For what it's worth, as to to some of the others, over the years I have found Bromiley's survey to be less helpful. Olson's is to be avoided or read with considerable caution. Tillich's historical survey is actually quite good in many respects, even though we would dissent vigorously from his systematic theology.

Most of the older histories (whether Cunningham, one of "our guys") or Neve (which I've not used much) and especially McGiffert, Dorner, Harnack et al were written with assumptions we don't or shouldn't share and have been supersceded or corrected by contemporary monographs.

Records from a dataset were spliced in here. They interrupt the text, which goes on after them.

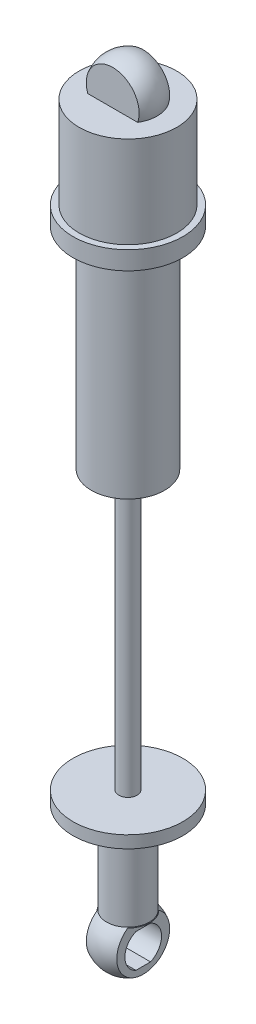
ISO-10303-21;
HEADER;
FILE_DESCRIPTION(('STEP AP214'),'2;1');
FILE_NAME('part.step','',(''),(''),'','','');
FILE_SCHEMA(('AUTOMOTIVE_DESIGN { 1 0 10303 214 1 1 1 1 }'));
ENDSEC;
DATA;
#1=APPLICATION_CONTEXT('core data for automotive mechanical design processes');
#2=APPLICATION_PROTOCOL_DEFINITION('international standard','automotive_design',2000,#1);
#3=PRODUCT_CONTEXT('',#1,'mechanical');
#4=PRODUCT('Part','Part','',(#3));
#5=PRODUCT_RELATED_PRODUCT_CATEGORY('part','',(#4));
#6=PRODUCT_DEFINITION_FORMATION('','',#4);
#7=PRODUCT_DEFINITION_CONTEXT('part definition',#1,'design');
#8=PRODUCT_DEFINITION('design','',#6,#7);
#9=PRODUCT_DEFINITION_SHAPE('','',#8);
#10=(LENGTH_UNIT() NAMED_UNIT(*) SI_UNIT(.MILLI.,.METRE.));
#11=(NAMED_UNIT(*) PLANE_ANGLE_UNIT() SI_UNIT($,.RADIAN.));
#12=(NAMED_UNIT(*) SI_UNIT($,.STERADIAN.) SOLID_ANGLE_UNIT());
#13=UNCERTAINTY_MEASURE_WITH_UNIT(LENGTH_MEASURE(1.E-05),#10,'distance_accuracy_value','');
#14=(GEOMETRIC_REPRESENTATION_CONTEXT(3) GLOBAL_UNCERTAINTY_ASSIGNED_CONTEXT((#13)) GLOBAL_UNIT_ASSIGNED_CONTEXT((#10,
#11,#12)) REPRESENTATION_CONTEXT('',''));
#15=CARTESIAN_POINT('',(0.,0.,0.));
#16=DIRECTION('',(0.,0.,1.));
#17=DIRECTION('',(1.,0.,0.));
#18=AXIS2_PLACEMENT_3D('',#15,#16,#17);
#19=CARTESIAN_POINT('',(0.,5.,0.));
#20=DIRECTION('',(0.,1.,0.));
#21=DIRECTION('',(-1.,0.,0.));
#22=AXIS2_PLACEMENT_3D('',#19,#20,#21);
#23=SPHERICAL_SURFACE('',#22,5.);
#24=CARTESIAN_POINT('',(0.,8.5,0.));
#25=DIRECTION('',(0.,1.,0.));
#26=DIRECTION('',(0.,0.,1.));
#27=AXIS2_PLACEMENT_3D('',#24,#25,#26);
#28=CIRCLE('',#27,3.57071421427143);
#29=CARTESIAN_POINT('',(-2.5,8.5,2.54950975679642));
#30=VERTEX_POINT('',#29);
#31=CARTESIAN_POINT('',(-2.5,8.5,-2.54950975679642));
#32=VERTEX_POINT('',#31);
#33=EDGE_CURVE('E228',#30,#32,#28,.F.);
#34=ORIENTED_EDGE('',*,*,#33,.F.);
#35=CARTESIAN_POINT('',(-2.5,5.,0.));
#36=DIRECTION('',(1.,0.,0.));
#37=DIRECTION('',(0.,0.,-1.));
#38=AXIS2_PLACEMENT_3D('',#35,#36,#37);
#39=CIRCLE('',#38,4.33012701892221);
#40=EDGE_CURVE('E227',#32,#30,#39,.F.);
#41=ORIENTED_EDGE('',*,*,#40,.F.);
#42=EDGE_LOOP('',(#34,#41));
#43=FACE_BOUND('',#42,.T.);
#44=CARTESIAN_POINT('',(2.5,8.5,-2.54950975679637));
#45=VERTEX_POINT('',#44);
#46=CARTESIAN_POINT('',(2.5,8.5,2.54950975679637));
#47=VERTEX_POINT('',#46);
#48=EDGE_CURVE('E223',#45,#47,#28,.F.);
#49=ORIENTED_EDGE('',*,*,#48,.F.);
#50=CARTESIAN_POINT('',(2.5,5.,0.));
#51=DIRECTION('',(-1.,0.,0.));
#52=DIRECTION('',(0.,0.,1.));
#53=AXIS2_PLACEMENT_3D('',#50,#51,#52);
#54=CIRCLE('',#53,4.33012701892218);
#55=EDGE_CURVE('E220',#47,#45,#54,.F.);
#56=ORIENTED_EDGE('',*,*,#55,.F.);
#57=EDGE_LOOP('',(#49,#56));
#58=FACE_BOUND('',#57,.T.);
#59=CARTESIAN_POINT('',(0.,8.57071421427147,0.));
#60=DIRECTION('',(0.,1.,0.));
#61=DIRECTION('',(0.,0.,1.));
#62=AXIS2_PLACEMENT_3D('',#59,#60,#61);
#63=CIRCLE('',#62,3.49999999999999);
#64=CARTESIAN_POINT('',(0.,8.57071421427147,3.49999999999999));
#65=VERTEX_POINT('',#64);
#66=EDGE_CURVE('E167',#65,#65,#63,.T.);
#67=ORIENTED_EDGE('',*,*,#66,.F.);
#68=EDGE_LOOP('',(#67));
#69=FACE_BOUND('',#68,.T.);
#70=ADVANCED_FACE('F41',(#43,#58,#69),#23,.T.);
#71=CARTESIAN_POINT('',(0.,125.,0.));
#72=DIRECTION('',(0.,1.,0.));
#73=DIRECTION('',(1.,0.,0.));
#74=AXIS2_PLACEMENT_3D('',#71,#72,#73);
#75=SPHERICAL_SURFACE('',#74,5.);
#76=CARTESIAN_POINT('',(-5.,125.,0.));
#77=VERTEX_POINT('',#76);
#78=VERTEX_LOOP('',#77);
#79=FACE_BOUND('',#78,.T.);
#80=CARTESIAN_POINT('',(5.,125.,0.));
#81=VERTEX_POINT('',#80);
#82=VERTEX_LOOP('',#81);
#83=FACE_BOUND('',#82,.T.);
#84=CARTESIAN_POINT('',(0.,125.,-2.5));
#85=DIRECTION('',(0.,0.,1.));
#86=DIRECTION('',(1.,0.,0.));
#87=AXIS2_PLACEMENT_3D('',#84,#85,#86);
#88=CIRCLE('',#87,4.3301270189222);
#89=CARTESIAN_POINT('',(-4.08743711177486,123.570714214271,-2.5));
#90=VERTEX_POINT('',#89);
#91=CARTESIAN_POINT('',(4.08743711177486,123.570714214271,-2.5));
#92=VERTEX_POINT('',#91);
#93=EDGE_CURVE('E164',#90,#92,#88,.F.);
#94=ORIENTED_EDGE('',*,*,#93,.F.);
#95=CARTESIAN_POINT('',(0.,123.570714214271,0.));
#96=DIRECTION('',(0.,1.,0.));
#97=DIRECTION('',(0.,0.,1.));
#98=AXIS2_PLACEMENT_3D('',#95,#96,#97);
#99=CIRCLE('',#98,4.79136119935811);
#100=CARTESIAN_POINT('',(-4.08743711177486,123.570714214271,2.5));
#101=VERTEX_POINT('',#100);
#102=EDGE_CURVE('E215',#90,#101,#99,.T.);
#103=ORIENTED_EDGE('',*,*,#102,.T.);
#104=CARTESIAN_POINT('',(0.,125.,2.5));
#105=DIRECTION('',(0.,0.,-1.));
#106=DIRECTION('',(-1.,0.,0.));
#107=AXIS2_PLACEMENT_3D('',#104,#105,#106);
#108=CIRCLE('',#107,4.3301270189222);
#109=CARTESIAN_POINT('',(4.08743711177486,123.570714214271,2.5));
#110=VERTEX_POINT('',#109);
#111=EDGE_CURVE('E161',#110,#101,#108,.F.);
#112=ORIENTED_EDGE('',*,*,#111,.F.);
#113=EDGE_CURVE('E216',#110,#92,#99,.T.);
#114=ORIENTED_EDGE('',*,*,#113,.T.);
#115=EDGE_LOOP('',(#94,#103,#112,#114));
#116=FACE_BOUND('',#115,.T.);
#117=ADVANCED_FACE('F256',(#79,#83,#116),#75,.T.);
#118=CARTESIAN_POINT('',(-8.,123.570714214271,0.));
#119=DIRECTION('',(0.,1.,0.));
#120=DIRECTION('',(0.,0.,1.));
#121=AXIS2_PLACEMENT_3D('',#118,#119,#120);
#122=PLANE('',#121);
#123=ORIENTED_EDGE('',*,*,#102,.F.);
#124=DIRECTION('',(-1.,0.,0.));
#125=VECTOR('',#124,1.);
#126=CARTESIAN_POINT('',(-5.00000000000001,123.570714214271,-2.5));
#127=LINE('',#126,#125);
#128=EDGE_CURVE('E155',#92,#90,#127,.T.);
#129=ORIENTED_EDGE('',*,*,#128,.F.);
#130=ORIENTED_EDGE('',*,*,#113,.F.);
#131=DIRECTION('',(1.,0.,0.));
#132=VECTOR('',#131,1.);
#133=CARTESIAN_POINT('',(-5.00000000000001,123.570714214271,2.5));
#134=LINE('',#133,#132);
#135=EDGE_CURVE('E158',#101,#110,#134,.T.);
#136=ORIENTED_EDGE('',*,*,#135,.F.);
#137=EDGE_LOOP('',(#123,#129,#130,#136));
#138=FACE_BOUND('',#137,.T.);
#139=CARTESIAN_POINT('',(0.,123.570714214271,0.));
#140=DIRECTION('',(0.,1.,0.));
#141=DIRECTION('',(0.,0.,1.));
#142=AXIS2_PLACEMENT_3D('',#139,#140,#141);
#143=CIRCLE('',#142,8.);
#144=CARTESIAN_POINT('',(0.,123.570714214271,8.));
#145=VERTEX_POINT('',#144);
#146=EDGE_CURVE('E211',#145,#145,#143,.T.);
#147=ORIENTED_EDGE('',*,*,#146,.T.);
#148=EDGE_LOOP('',(#147));
#149=FACE_BOUND('',#148,.T.);
#150=ADVANCED_FACE('F261',(#138,#149),#122,.T.);
#151=CARTESIAN_POINT('',(0.,125.,0.));
#152=DIRECTION('',(0.,1.,0.));
#153=DIRECTION('',(0.,0.,1.));
#154=AXIS2_PLACEMENT_3D('',#151,#152,#153);
#155=CYLINDRICAL_SURFACE('',#154,8.);
#156=CARTESIAN_POINT('',(0.,108.570714214271,0.));
#157=DIRECTION('',(0.,1.,0.));
#158=DIRECTION('',(0.,0.,1.));
#159=AXIS2_PLACEMENT_3D('',#156,#157,#158);
#160=CIRCLE('',#159,8.);
#161=CARTESIAN_POINT('',(0.,108.570714214271,8.));
#162=VERTEX_POINT('',#161);
#163=EDGE_CURVE('E207',#162,#162,#160,.T.);
#164=ORIENTED_EDGE('',*,*,#163,.T.);
#165=EDGE_LOOP('',(#164));
#166=FACE_BOUND('',#165,.T.);
#167=ORIENTED_EDGE('',*,*,#146,.F.);
#168=EDGE_LOOP('',(#167));
#169=FACE_BOUND('',#168,.T.);
#170=ADVANCED_FACE('F330',(#166,#169),#155,.T.);
#171=CARTESIAN_POINT('',(-9.,108.570714214271,0.));
#172=DIRECTION('',(0.,1.,0.));
#173=DIRECTION('',(0.,0.,1.));
#174=AXIS2_PLACEMENT_3D('',#171,#172,#173);
#175=PLANE('',#174);
#176=CARTESIAN_POINT('',(0.,108.570714214271,0.));
#177=DIRECTION('',(0.,1.,0.));
#178=DIRECTION('',(0.,0.,1.));
#179=AXIS2_PLACEMENT_3D('',#176,#177,#178);
#180=CIRCLE('',#179,9.);
#181=CARTESIAN_POINT('',(0.,108.570714214271,9.));
#182=VERTEX_POINT('',#181);
#183=EDGE_CURVE('E203',#182,#182,#180,.T.);
#184=ORIENTED_EDGE('',*,*,#183,.T.);
#185=EDGE_LOOP('',(#184));
#186=FACE_BOUND('',#185,.T.);
#187=ORIENTED_EDGE('',*,*,#163,.F.);
#188=EDGE_LOOP('',(#187));
#189=FACE_BOUND('',#188,.T.);
#190=ADVANCED_FACE('F324',(#186,#189),#175,.T.);
#191=CARTESIAN_POINT('',(0.,125.,0.));
#192=DIRECTION('',(0.,1.,0.));
#193=DIRECTION('',(0.,0.,1.));
#194=AXIS2_PLACEMENT_3D('',#191,#192,#193);
#195=CYLINDRICAL_SURFACE('',#194,9.);
#196=CARTESIAN_POINT('',(0.,105.570714214271,0.));
#197=DIRECTION('',(0.,1.,0.));
#198=DIRECTION('',(0.,0.,1.));
#199=AXIS2_PLACEMENT_3D('',#196,#197,#198);
#200=CIRCLE('',#199,9.);
#201=CARTESIAN_POINT('',(0.,105.570714214271,9.));
#202=VERTEX_POINT('',#201);
#203=EDGE_CURVE('E199',#202,#202,#200,.T.);
#204=ORIENTED_EDGE('',*,*,#203,.T.);
#205=EDGE_LOOP('',(#204));
#206=FACE_BOUND('',#205,.T.);
#207=ORIENTED_EDGE('',*,*,#183,.F.);
#208=EDGE_LOOP('',(#207));
#209=FACE_BOUND('',#208,.T.);
#210=ADVANCED_FACE('F318',(#206,#209),#195,.T.);
#211=CARTESIAN_POINT('',(-5.99999999999999,105.570714214271,0.));
#212=DIRECTION('',(0.,-1.,0.));
#213=DIRECTION('',(0.,0.,-1.));
#214=AXIS2_PLACEMENT_3D('',#211,#212,#213);
#215=PLANE('',#214);
#216=CARTESIAN_POINT('',(0.,105.570714214271,0.));
#217=DIRECTION('',(0.,1.,0.));
#218=DIRECTION('',(0.,0.,1.));
#219=AXIS2_PLACEMENT_3D('',#216,#217,#218);
#220=CIRCLE('',#219,5.99999999999999);
#221=CARTESIAN_POINT('',(0.,105.570714214271,5.99999999999999));
#222=VERTEX_POINT('',#221);
#223=EDGE_CURVE('E195',#222,#222,#220,.T.);
#224=ORIENTED_EDGE('',*,*,#223,.T.);
#225=EDGE_LOOP('',(#224));
#226=FACE_BOUND('',#225,.T.);
#227=ORIENTED_EDGE('',*,*,#203,.F.);
#228=EDGE_LOOP('',(#227));
#229=FACE_BOUND('',#228,.T.);
#230=ADVANCED_FACE('F312',(#226,#229),#215,.T.);
#231=CARTESIAN_POINT('',(0.,125.,0.));
#232=DIRECTION('',(0.,1.,0.));
#233=DIRECTION('',(0.,0.,1.));
#234=AXIS2_PLACEMENT_3D('',#231,#232,#233);
#235=CYLINDRICAL_SURFACE('',#234,5.99999999999999);
#236=CARTESIAN_POINT('',(0.,71.0707142142715,0.));
#237=DIRECTION('',(0.,1.,0.));
#238=DIRECTION('',(0.,0.,1.));
#239=AXIS2_PLACEMENT_3D('',#236,#237,#238);
#240=CIRCLE('',#239,5.99999999999999);
#241=CARTESIAN_POINT('',(0.,71.0707142142715,5.99999999999999));
#242=VERTEX_POINT('',#241);
#243=EDGE_CURVE('E191',#242,#242,#240,.T.);
#244=ORIENTED_EDGE('',*,*,#243,.T.);
#245=EDGE_LOOP('',(#244));
#246=FACE_BOUND('',#245,.T.);
#247=ORIENTED_EDGE('',*,*,#223,.F.);
#248=EDGE_LOOP('',(#247));
#249=FACE_BOUND('',#248,.T.);
#250=ADVANCED_FACE('F306',(#246,#249),#235,.T.);
#251=CARTESIAN_POINT('',(-1.49999999999999,71.0707142142715,0.));
#252=DIRECTION('',(0.,-1.,0.));
#253=DIRECTION('',(0.,0.,-1.));
#254=AXIS2_PLACEMENT_3D('',#251,#252,#253);
#255=PLANE('',#254);
#256=CARTESIAN_POINT('',(0.,71.0707142142715,0.));
#257=DIRECTION('',(0.,1.,0.));
#258=DIRECTION('',(0.,0.,1.));
#259=AXIS2_PLACEMENT_3D('',#256,#257,#258);
#260=CIRCLE('',#259,1.49999999999999);
#261=CARTESIAN_POINT('',(0.,71.0707142142715,1.49999999999999));
#262=VERTEX_POINT('',#261);
#263=EDGE_CURVE('E187',#262,#262,#260,.T.);
#264=ORIENTED_EDGE('',*,*,#263,.T.);
#265=EDGE_LOOP('',(#264));
#266=FACE_BOUND('',#265,.T.);
#267=ORIENTED_EDGE('',*,*,#243,.F.);
#268=EDGE_LOOP('',(#267));
#269=FACE_BOUND('',#268,.T.);
#270=ADVANCED_FACE('F300',(#266,#269),#255,.T.);
#271=CARTESIAN_POINT('',(0.,125.,0.));
#272=DIRECTION('',(0.,1.,0.));
#273=DIRECTION('',(0.,0.,1.));
#274=AXIS2_PLACEMENT_3D('',#271,#272,#273);
#275=CYLINDRICAL_SURFACE('',#274,1.49999999999999);
#276=CARTESIAN_POINT('',(0.,25.5707142142715,0.));
#277=DIRECTION('',(0.,1.,0.));
#278=DIRECTION('',(0.,0.,1.));
#279=AXIS2_PLACEMENT_3D('',#276,#277,#278);
#280=CIRCLE('',#279,1.49999999999999);
#281=CARTESIAN_POINT('',(0.,25.5707142142715,1.49999999999999));
#282=VERTEX_POINT('',#281);
#283=EDGE_CURVE('E183',#282,#282,#280,.T.);
#284=ORIENTED_EDGE('',*,*,#283,.T.);
#285=EDGE_LOOP('',(#284));
#286=FACE_BOUND('',#285,.T.);
#287=ORIENTED_EDGE('',*,*,#263,.F.);
#288=EDGE_LOOP('',(#287));
#289=FACE_BOUND('',#288,.T.);
#290=ADVANCED_FACE('F294',(#286,#289),#275,.T.);
#291=CARTESIAN_POINT('',(-8.99999999999999,25.5707142142715,0.));
#292=DIRECTION('',(0.,1.,0.));
#293=DIRECTION('',(0.,0.,1.));
#294=AXIS2_PLACEMENT_3D('',#291,#292,#293);
#295=PLANE('',#294);
#296=CARTESIAN_POINT('',(0.,25.5707142142715,0.));
#297=DIRECTION('',(0.,1.,0.));
#298=DIRECTION('',(0.,0.,1.));
#299=AXIS2_PLACEMENT_3D('',#296,#297,#298);
#300=CIRCLE('',#299,8.99999999999999);
#301=CARTESIAN_POINT('',(0.,25.5707142142715,8.99999999999999));
#302=VERTEX_POINT('',#301);
#303=EDGE_CURVE('E179',#302,#302,#300,.T.);
#304=ORIENTED_EDGE('',*,*,#303,.T.);
#305=EDGE_LOOP('',(#304));
#306=FACE_BOUND('',#305,.T.);
#307=ORIENTED_EDGE('',*,*,#283,.F.);
#308=EDGE_LOOP('',(#307));
#309=FACE_BOUND('',#308,.T.);
#310=ADVANCED_FACE('F288',(#306,#309),#295,.T.);
#311=CARTESIAN_POINT('',(0.,125.,0.));
#312=DIRECTION('',(0.,1.,0.));
#313=DIRECTION('',(0.,0.,1.));
#314=AXIS2_PLACEMENT_3D('',#311,#312,#313);
#315=CYLINDRICAL_SURFACE('',#314,8.99999999999999);
#316=CARTESIAN_POINT('',(0.,23.5707142142715,0.));
#317=DIRECTION('',(0.,1.,0.));
#318=DIRECTION('',(0.,0.,1.));
#319=AXIS2_PLACEMENT_3D('',#316,#317,#318);
#320=CIRCLE('',#319,8.99999999999999);
#321=CARTESIAN_POINT('',(0.,23.5707142142715,8.99999999999999));
#322=VERTEX_POINT('',#321);
#323=EDGE_CURVE('E175',#322,#322,#320,.T.);
#324=ORIENTED_EDGE('',*,*,#323,.T.);
#325=EDGE_LOOP('',(#324));
#326=FACE_BOUND('',#325,.T.);
#327=ORIENTED_EDGE('',*,*,#303,.F.);
#328=EDGE_LOOP('',(#327));
#329=FACE_BOUND('',#328,.T.);
#330=ADVANCED_FACE('F282',(#326,#329),#315,.T.);
#331=CARTESIAN_POINT('',(-3.49999999999999,23.5707142142715,0.));
#332=DIRECTION('',(0.,-1.,0.));
#333=DIRECTION('',(0.,0.,-1.));
#334=AXIS2_PLACEMENT_3D('',#331,#332,#333);
#335=PLANE('',#334);
#336=CARTESIAN_POINT('',(0.,23.5707142142715,0.));
#337=DIRECTION('',(0.,1.,0.));
#338=DIRECTION('',(0.,0.,1.));
#339=AXIS2_PLACEMENT_3D('',#336,#337,#338);
#340=CIRCLE('',#339,3.49999999999999);
#341=CARTESIAN_POINT('',(0.,23.5707142142715,3.49999999999999));
#342=VERTEX_POINT('',#341);
#343=EDGE_CURVE('E171',#342,#342,#340,.T.);
#344=ORIENTED_EDGE('',*,*,#343,.T.);
#345=EDGE_LOOP('',(#344));
#346=FACE_BOUND('',#345,.T.);
#347=ORIENTED_EDGE('',*,*,#323,.F.);
#348=EDGE_LOOP('',(#347));
#349=FACE_BOUND('',#348,.T.);
#350=ADVANCED_FACE('F276',(#346,#349),#335,.T.);
#351=CARTESIAN_POINT('',(0.,125.,0.));
#352=DIRECTION('',(0.,1.,0.));
#353=DIRECTION('',(0.,0.,1.));
#354=AXIS2_PLACEMENT_3D('',#351,#352,#353);
#355=CYLINDRICAL_SURFACE('',#354,3.49999999999999);
#356=ORIENTED_EDGE('',*,*,#66,.T.);
#357=EDGE_LOOP('',(#356));
#358=FACE_BOUND('',#357,.T.);
#359=ORIENTED_EDGE('',*,*,#343,.F.);
#360=EDGE_LOOP('',(#359));
#361=FACE_BOUND('',#360,.T.);
#362=ADVANCED_FACE('F272',(#358,#361),#355,.T.);
#363=CARTESIAN_POINT('',(-5.00000000000001,133.570714214271,2.5));
#364=DIRECTION('',(0.,0.,-1.));
#365=DIRECTION('',(-1.,0.,0.));
#366=AXIS2_PLACEMENT_3D('',#363,#364,#365);
#367=PLANE('',#366);
#368=ORIENTED_EDGE('',*,*,#111,.T.);
#369=ORIENTED_EDGE('',*,*,#135,.T.);
#370=EDGE_LOOP('',(#368,#369));
#371=FACE_BOUND('',#370,.T.);
#372=ADVANCED_FACE('F275',(#371),#367,.F.);
#373=CARTESIAN_POINT('',(-5.00000000000001,133.570714214271,-2.5));
#374=DIRECTION('',(0.,0.,1.));
#375=DIRECTION('',(1.,0.,0.));
#376=AXIS2_PLACEMENT_3D('',#373,#374,#375);
#377=PLANE('',#376);
#378=ORIENTED_EDGE('',*,*,#93,.T.);
#379=ORIENTED_EDGE('',*,*,#128,.T.);
#380=EDGE_LOOP('',(#378,#379));
#381=FACE_BOUND('',#380,.T.);
#382=ADVANCED_FACE('F346',(#381),#377,.F.);
#383=CARTESIAN_POINT('',(2.5,8.5,-10.));
#384=DIRECTION('',(-1.,0.,0.));
#385=DIRECTION('',(0.,0.,1.));
#386=AXIS2_PLACEMENT_3D('',#383,#384,#385);
#387=PLANE('',#386);
#388=DIRECTION('',(0.,0.,-1.));
#389=VECTOR('',#388,1.);
#390=CARTESIAN_POINT('',(2.5,1.83493649053891,1.19895788082818));
#391=LINE('',#390,#389);
#392=CARTESIAN_POINT('',(2.5,1.83493649053891,1.19895788082819));
#393=VERTEX_POINT('',#392);
#394=CARTESIAN_POINT('',(2.5,1.83493649053891,-1.19895788082818));
#395=VERTEX_POINT('',#394);
#396=EDGE_CURVE('E125',#393,#395,#391,.T.);
#397=ORIENTED_EDGE('',*,*,#396,.F.);
#398=CARTESIAN_POINT('',(2.5,4.58493649053891,0.));
#399=DIRECTION('',(1.,0.,0.));
#400=DIRECTION('',(0.,0.,-1.));
#401=AXIS2_PLACEMENT_3D('',#398,#399,#400);
#402=CIRCLE('',#401,3.);
#403=CARTESIAN_POINT('',(2.5,7.33493649053891,1.19895788082818));
#404=VERTEX_POINT('',#403);
#405=EDGE_CURVE('E56',#404,#393,#402,.T.);
#406=ORIENTED_EDGE('',*,*,#405,.F.);
#407=DIRECTION('',(0.,0.,1.));
#408=VECTOR('',#407,1.);
#409=CARTESIAN_POINT('',(2.5,7.33493649053891,1.19895788082818));
#410=LINE('',#409,#408);
#411=CARTESIAN_POINT('',(2.5,7.33493649053891,-1.19895788082818));
#412=VERTEX_POINT('',#411);
#413=EDGE_CURVE('E133',#412,#404,#410,.T.);
#414=ORIENTED_EDGE('',*,*,#413,.F.);
#415=CARTESIAN_POINT('',(2.5,4.58493649053891,0.));
#416=DIRECTION('',(1.,0.,0.));
#417=DIRECTION('',(0.,0.,-1.));
#418=AXIS2_PLACEMENT_3D('',#415,#416,#417);
#419=CIRCLE('',#418,3.);
#420=EDGE_CURVE('E115',#395,#412,#419,.T.);
#421=ORIENTED_EDGE('',*,*,#420,.F.);
#422=EDGE_LOOP('',(#397,#406,#414,#421));
#423=FACE_BOUND('',#422,.T.);
#424=ORIENTED_EDGE('',*,*,#55,.T.);
#425=DIRECTION('',(0.,0.,-1.));
#426=VECTOR('',#425,1.);
#427=CARTESIAN_POINT('',(2.5,8.5,-10.));
#428=LINE('',#427,#426);
#429=EDGE_CURVE('E151',#47,#45,#428,.T.);
#430=ORIENTED_EDGE('',*,*,#429,.F.);
#431=EDGE_LOOP('',(#424,#430));
#432=FACE_BOUND('',#431,.T.);
#433=ADVANCED_FACE('F130',(#423,#432),#387,.F.);
#434=CARTESIAN_POINT('',(0.,8.5,0.));
#435=DIRECTION('',(0.,1.,0.));
#436=DIRECTION('',(0.,0.,1.));
#437=AXIS2_PLACEMENT_3D('',#434,#435,#436);
#438=PLANE('',#437);
#439=ORIENTED_EDGE('',*,*,#48,.T.);
#440=ORIENTED_EDGE('',*,*,#429,.T.);
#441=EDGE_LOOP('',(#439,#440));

[Edited on 9-23-2005 by R. Scott Clark]


----------



## Mayflower (Sep 22, 2005)

> _Originally posted by rgrove_
> Pelikan was a Lutheran and then made the change to Eastern Orthodox, but if memory serves he wrote these when he was still Lutheran.[Edited on 9-22-2005 by rgrove]



Does anyone know if there is like a testimony why he change from a Lutheran to Eastern Orthodox ?


----------



## rgrove (Sep 22, 2005)

After poking around looking for an interview or something that he let's people know why, the best I could come up with is this article (in which it sounds like he purposely avoids the discussion):

"_ Most stunning perhaps was, in 1996, the conversion of Jaroslav Pelikan, Yale University's celebrated church historian and Luther scholar. Here is a man who has co-edited 22 of the 55 volumes of Luther's Works in English, and then late in life he "moved East," as some theologians like to say.

"I was the Lutheran with the greatest knowledge of the Orthodox Church," Pelikan reportedly quipped, "and now I am the Orthodox with the greatest knowledge of Luther."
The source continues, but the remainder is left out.